Exercise goal =>
Pull out each line of the records holding the string "reaches".

Records for this exercise =>
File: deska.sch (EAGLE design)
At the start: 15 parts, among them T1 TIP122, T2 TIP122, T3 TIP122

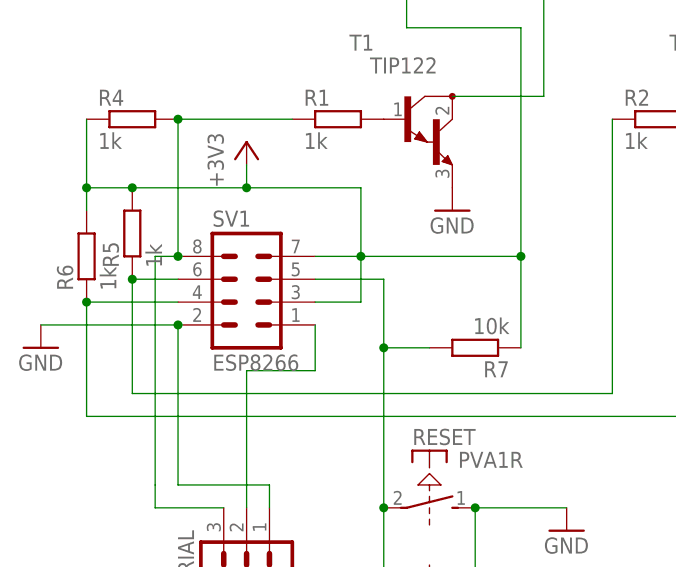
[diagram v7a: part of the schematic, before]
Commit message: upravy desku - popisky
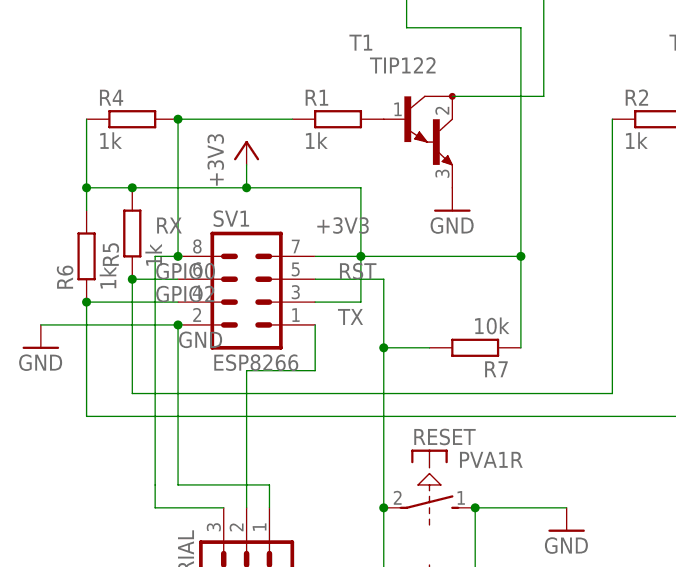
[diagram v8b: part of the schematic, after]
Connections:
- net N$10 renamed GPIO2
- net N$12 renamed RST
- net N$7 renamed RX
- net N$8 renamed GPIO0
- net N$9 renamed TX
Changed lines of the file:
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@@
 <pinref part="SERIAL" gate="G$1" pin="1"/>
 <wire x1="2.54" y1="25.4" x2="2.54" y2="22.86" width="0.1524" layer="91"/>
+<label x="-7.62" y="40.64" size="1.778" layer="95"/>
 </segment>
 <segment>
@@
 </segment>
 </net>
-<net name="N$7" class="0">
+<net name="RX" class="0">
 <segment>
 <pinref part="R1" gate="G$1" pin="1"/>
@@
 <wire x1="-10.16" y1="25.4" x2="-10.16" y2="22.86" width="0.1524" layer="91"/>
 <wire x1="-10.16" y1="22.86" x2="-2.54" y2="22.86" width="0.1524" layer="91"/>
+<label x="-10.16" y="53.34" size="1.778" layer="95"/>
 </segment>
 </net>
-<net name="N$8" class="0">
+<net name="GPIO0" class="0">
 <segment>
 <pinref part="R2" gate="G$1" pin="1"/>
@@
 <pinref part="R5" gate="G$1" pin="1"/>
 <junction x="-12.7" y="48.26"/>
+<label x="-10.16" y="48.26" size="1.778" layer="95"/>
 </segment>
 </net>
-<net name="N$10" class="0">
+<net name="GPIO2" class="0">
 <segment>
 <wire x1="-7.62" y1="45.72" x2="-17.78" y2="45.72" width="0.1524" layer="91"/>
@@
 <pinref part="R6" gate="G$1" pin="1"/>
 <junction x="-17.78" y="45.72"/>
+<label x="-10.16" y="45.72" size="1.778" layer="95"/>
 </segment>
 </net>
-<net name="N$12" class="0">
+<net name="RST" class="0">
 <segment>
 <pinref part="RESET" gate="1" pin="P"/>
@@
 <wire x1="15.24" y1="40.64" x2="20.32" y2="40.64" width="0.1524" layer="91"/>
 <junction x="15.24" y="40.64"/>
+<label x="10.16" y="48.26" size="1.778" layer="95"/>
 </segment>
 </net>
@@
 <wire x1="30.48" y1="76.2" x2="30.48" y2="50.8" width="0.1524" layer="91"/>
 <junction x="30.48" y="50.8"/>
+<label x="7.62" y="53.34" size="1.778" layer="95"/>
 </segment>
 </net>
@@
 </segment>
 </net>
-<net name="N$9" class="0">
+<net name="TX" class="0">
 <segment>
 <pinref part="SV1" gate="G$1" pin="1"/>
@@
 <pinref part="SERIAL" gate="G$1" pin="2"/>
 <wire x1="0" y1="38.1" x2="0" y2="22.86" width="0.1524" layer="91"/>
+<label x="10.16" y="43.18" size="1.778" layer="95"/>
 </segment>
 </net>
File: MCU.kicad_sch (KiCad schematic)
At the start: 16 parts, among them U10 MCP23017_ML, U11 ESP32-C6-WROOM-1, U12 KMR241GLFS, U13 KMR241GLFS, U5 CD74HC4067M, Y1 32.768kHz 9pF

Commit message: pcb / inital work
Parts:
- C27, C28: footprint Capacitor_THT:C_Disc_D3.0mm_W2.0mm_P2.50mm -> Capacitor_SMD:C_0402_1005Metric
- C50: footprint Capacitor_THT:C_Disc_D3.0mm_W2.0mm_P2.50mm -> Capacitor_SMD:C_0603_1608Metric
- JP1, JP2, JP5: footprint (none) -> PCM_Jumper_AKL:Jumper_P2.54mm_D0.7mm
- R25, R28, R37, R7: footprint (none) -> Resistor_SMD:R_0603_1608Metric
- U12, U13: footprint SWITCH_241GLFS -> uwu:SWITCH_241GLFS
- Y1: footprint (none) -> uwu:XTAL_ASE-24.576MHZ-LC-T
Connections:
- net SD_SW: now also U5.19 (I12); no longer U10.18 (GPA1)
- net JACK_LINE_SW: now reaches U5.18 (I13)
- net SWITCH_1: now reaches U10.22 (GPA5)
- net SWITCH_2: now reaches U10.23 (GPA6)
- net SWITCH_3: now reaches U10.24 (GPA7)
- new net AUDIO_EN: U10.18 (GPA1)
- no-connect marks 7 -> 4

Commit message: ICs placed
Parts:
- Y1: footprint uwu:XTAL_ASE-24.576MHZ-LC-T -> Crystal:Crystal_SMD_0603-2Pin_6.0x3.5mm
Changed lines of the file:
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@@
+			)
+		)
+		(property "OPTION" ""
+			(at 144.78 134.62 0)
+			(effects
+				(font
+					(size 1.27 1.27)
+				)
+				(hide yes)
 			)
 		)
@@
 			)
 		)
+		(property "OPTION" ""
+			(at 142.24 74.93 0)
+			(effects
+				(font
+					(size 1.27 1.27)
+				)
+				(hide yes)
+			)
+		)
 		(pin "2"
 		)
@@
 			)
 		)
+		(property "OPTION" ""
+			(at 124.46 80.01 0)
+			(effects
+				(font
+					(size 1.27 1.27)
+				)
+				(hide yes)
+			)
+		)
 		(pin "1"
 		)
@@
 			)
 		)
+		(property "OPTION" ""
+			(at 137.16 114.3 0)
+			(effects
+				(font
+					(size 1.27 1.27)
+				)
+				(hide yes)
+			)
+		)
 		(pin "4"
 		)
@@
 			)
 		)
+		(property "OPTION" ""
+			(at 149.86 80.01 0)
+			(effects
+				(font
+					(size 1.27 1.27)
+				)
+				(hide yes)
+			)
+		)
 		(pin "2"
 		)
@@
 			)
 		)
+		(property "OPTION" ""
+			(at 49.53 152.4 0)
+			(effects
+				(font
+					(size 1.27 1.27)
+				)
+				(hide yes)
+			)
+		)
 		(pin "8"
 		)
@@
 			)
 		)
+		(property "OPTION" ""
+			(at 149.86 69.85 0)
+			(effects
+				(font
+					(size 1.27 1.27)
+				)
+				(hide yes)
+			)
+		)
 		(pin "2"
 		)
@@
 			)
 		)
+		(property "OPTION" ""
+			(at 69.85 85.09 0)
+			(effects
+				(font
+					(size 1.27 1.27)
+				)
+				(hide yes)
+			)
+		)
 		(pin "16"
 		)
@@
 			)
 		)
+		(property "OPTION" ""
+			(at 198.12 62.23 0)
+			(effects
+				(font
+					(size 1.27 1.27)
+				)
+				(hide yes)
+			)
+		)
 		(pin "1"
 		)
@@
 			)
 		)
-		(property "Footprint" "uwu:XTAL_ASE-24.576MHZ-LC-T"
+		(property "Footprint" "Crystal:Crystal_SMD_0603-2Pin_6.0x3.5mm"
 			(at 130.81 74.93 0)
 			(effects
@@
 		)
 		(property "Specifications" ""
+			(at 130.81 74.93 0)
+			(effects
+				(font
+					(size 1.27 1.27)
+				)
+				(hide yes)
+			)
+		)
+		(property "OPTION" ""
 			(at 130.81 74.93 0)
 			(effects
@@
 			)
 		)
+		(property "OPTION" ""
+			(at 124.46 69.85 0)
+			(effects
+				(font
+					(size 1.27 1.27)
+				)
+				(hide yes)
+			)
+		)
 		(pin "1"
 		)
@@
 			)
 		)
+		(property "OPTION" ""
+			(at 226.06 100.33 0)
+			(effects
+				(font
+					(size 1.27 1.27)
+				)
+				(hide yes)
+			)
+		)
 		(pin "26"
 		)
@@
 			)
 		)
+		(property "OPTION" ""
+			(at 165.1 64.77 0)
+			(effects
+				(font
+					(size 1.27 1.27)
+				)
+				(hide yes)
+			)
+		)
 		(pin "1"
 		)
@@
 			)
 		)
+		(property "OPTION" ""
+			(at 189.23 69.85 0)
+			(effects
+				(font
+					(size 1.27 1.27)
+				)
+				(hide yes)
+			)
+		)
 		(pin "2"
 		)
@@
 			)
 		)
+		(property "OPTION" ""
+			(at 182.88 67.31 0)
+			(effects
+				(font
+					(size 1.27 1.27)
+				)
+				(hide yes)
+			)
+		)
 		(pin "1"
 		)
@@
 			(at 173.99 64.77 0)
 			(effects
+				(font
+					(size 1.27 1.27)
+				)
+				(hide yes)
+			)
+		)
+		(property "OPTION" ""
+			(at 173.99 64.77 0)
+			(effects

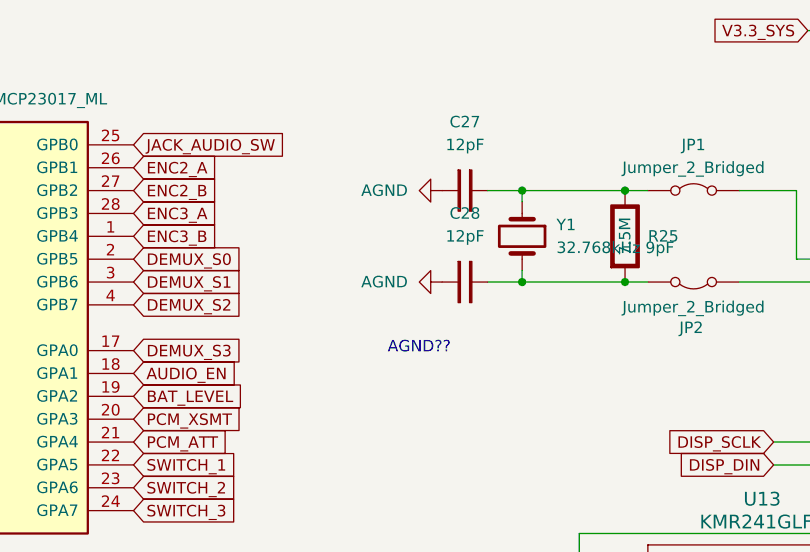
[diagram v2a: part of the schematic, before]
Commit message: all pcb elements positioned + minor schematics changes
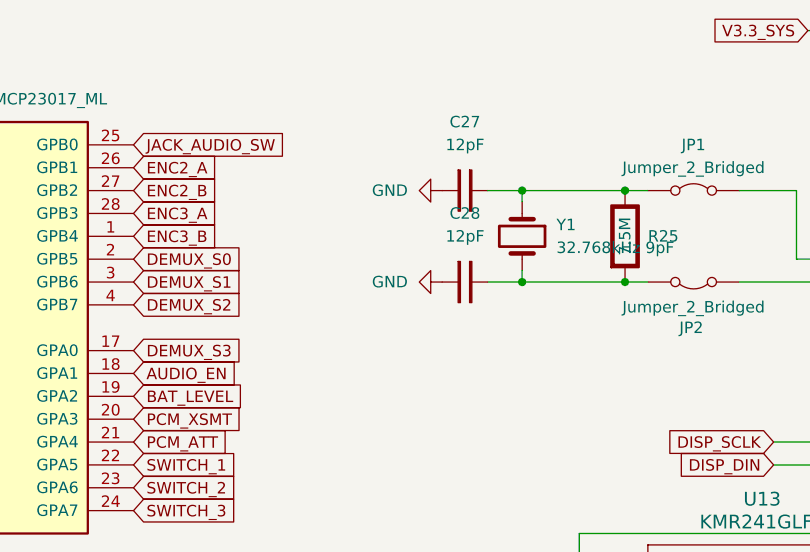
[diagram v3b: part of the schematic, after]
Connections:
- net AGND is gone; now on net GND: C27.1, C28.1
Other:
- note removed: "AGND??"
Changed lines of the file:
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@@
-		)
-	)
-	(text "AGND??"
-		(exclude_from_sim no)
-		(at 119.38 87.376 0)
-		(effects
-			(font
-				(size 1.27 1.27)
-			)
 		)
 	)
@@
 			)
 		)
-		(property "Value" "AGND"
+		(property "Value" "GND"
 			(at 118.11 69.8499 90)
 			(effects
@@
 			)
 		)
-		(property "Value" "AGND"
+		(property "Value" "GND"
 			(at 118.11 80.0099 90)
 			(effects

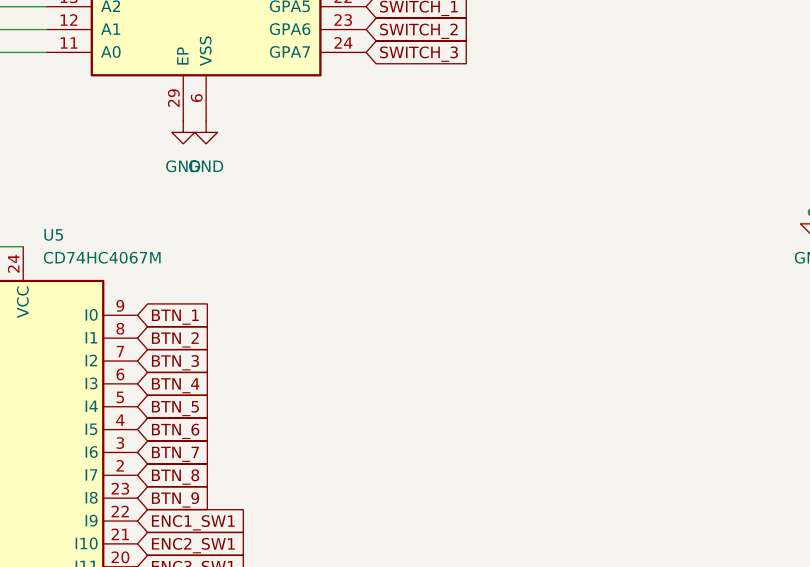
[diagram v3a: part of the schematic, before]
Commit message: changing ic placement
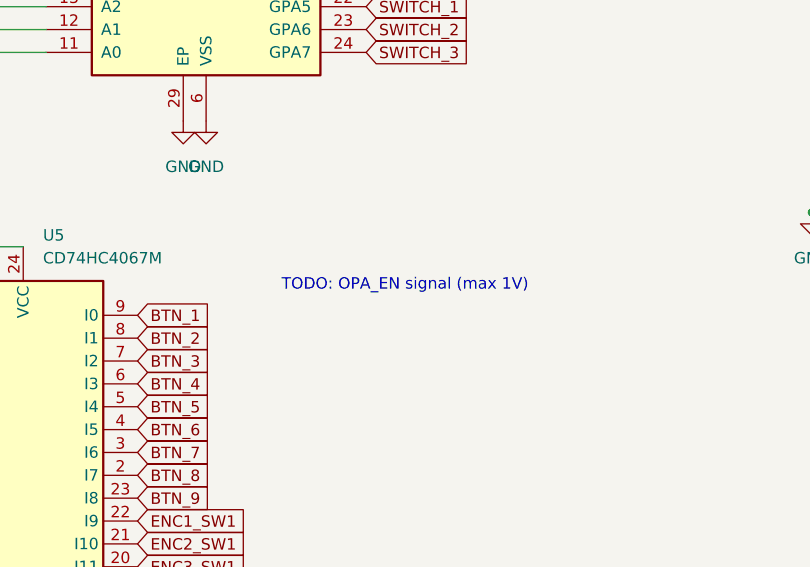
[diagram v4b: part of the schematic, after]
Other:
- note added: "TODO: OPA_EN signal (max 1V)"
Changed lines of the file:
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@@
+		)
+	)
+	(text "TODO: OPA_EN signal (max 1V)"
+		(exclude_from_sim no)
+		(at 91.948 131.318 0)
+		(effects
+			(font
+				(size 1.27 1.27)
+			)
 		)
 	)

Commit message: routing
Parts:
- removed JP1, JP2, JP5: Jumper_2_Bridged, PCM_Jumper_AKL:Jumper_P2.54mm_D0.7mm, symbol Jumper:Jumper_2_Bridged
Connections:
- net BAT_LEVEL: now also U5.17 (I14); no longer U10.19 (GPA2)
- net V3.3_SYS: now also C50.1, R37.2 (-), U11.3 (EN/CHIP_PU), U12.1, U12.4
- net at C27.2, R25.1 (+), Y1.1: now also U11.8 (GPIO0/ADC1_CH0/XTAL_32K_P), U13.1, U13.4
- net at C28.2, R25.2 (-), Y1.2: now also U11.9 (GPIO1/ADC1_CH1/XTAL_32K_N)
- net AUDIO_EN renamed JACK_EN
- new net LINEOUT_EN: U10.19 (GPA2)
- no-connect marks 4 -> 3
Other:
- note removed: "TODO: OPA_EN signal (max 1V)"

Solution to this task =>
- net JACK_LINE_SW: now reaches U5.18 (I13)
- net SWITCH_1: now reaches U10.22 (GPA5)
- net SWITCH_2: now reaches U10.23 (GPA6)
- net SWITCH_3: now reaches U10.24 (GPA7)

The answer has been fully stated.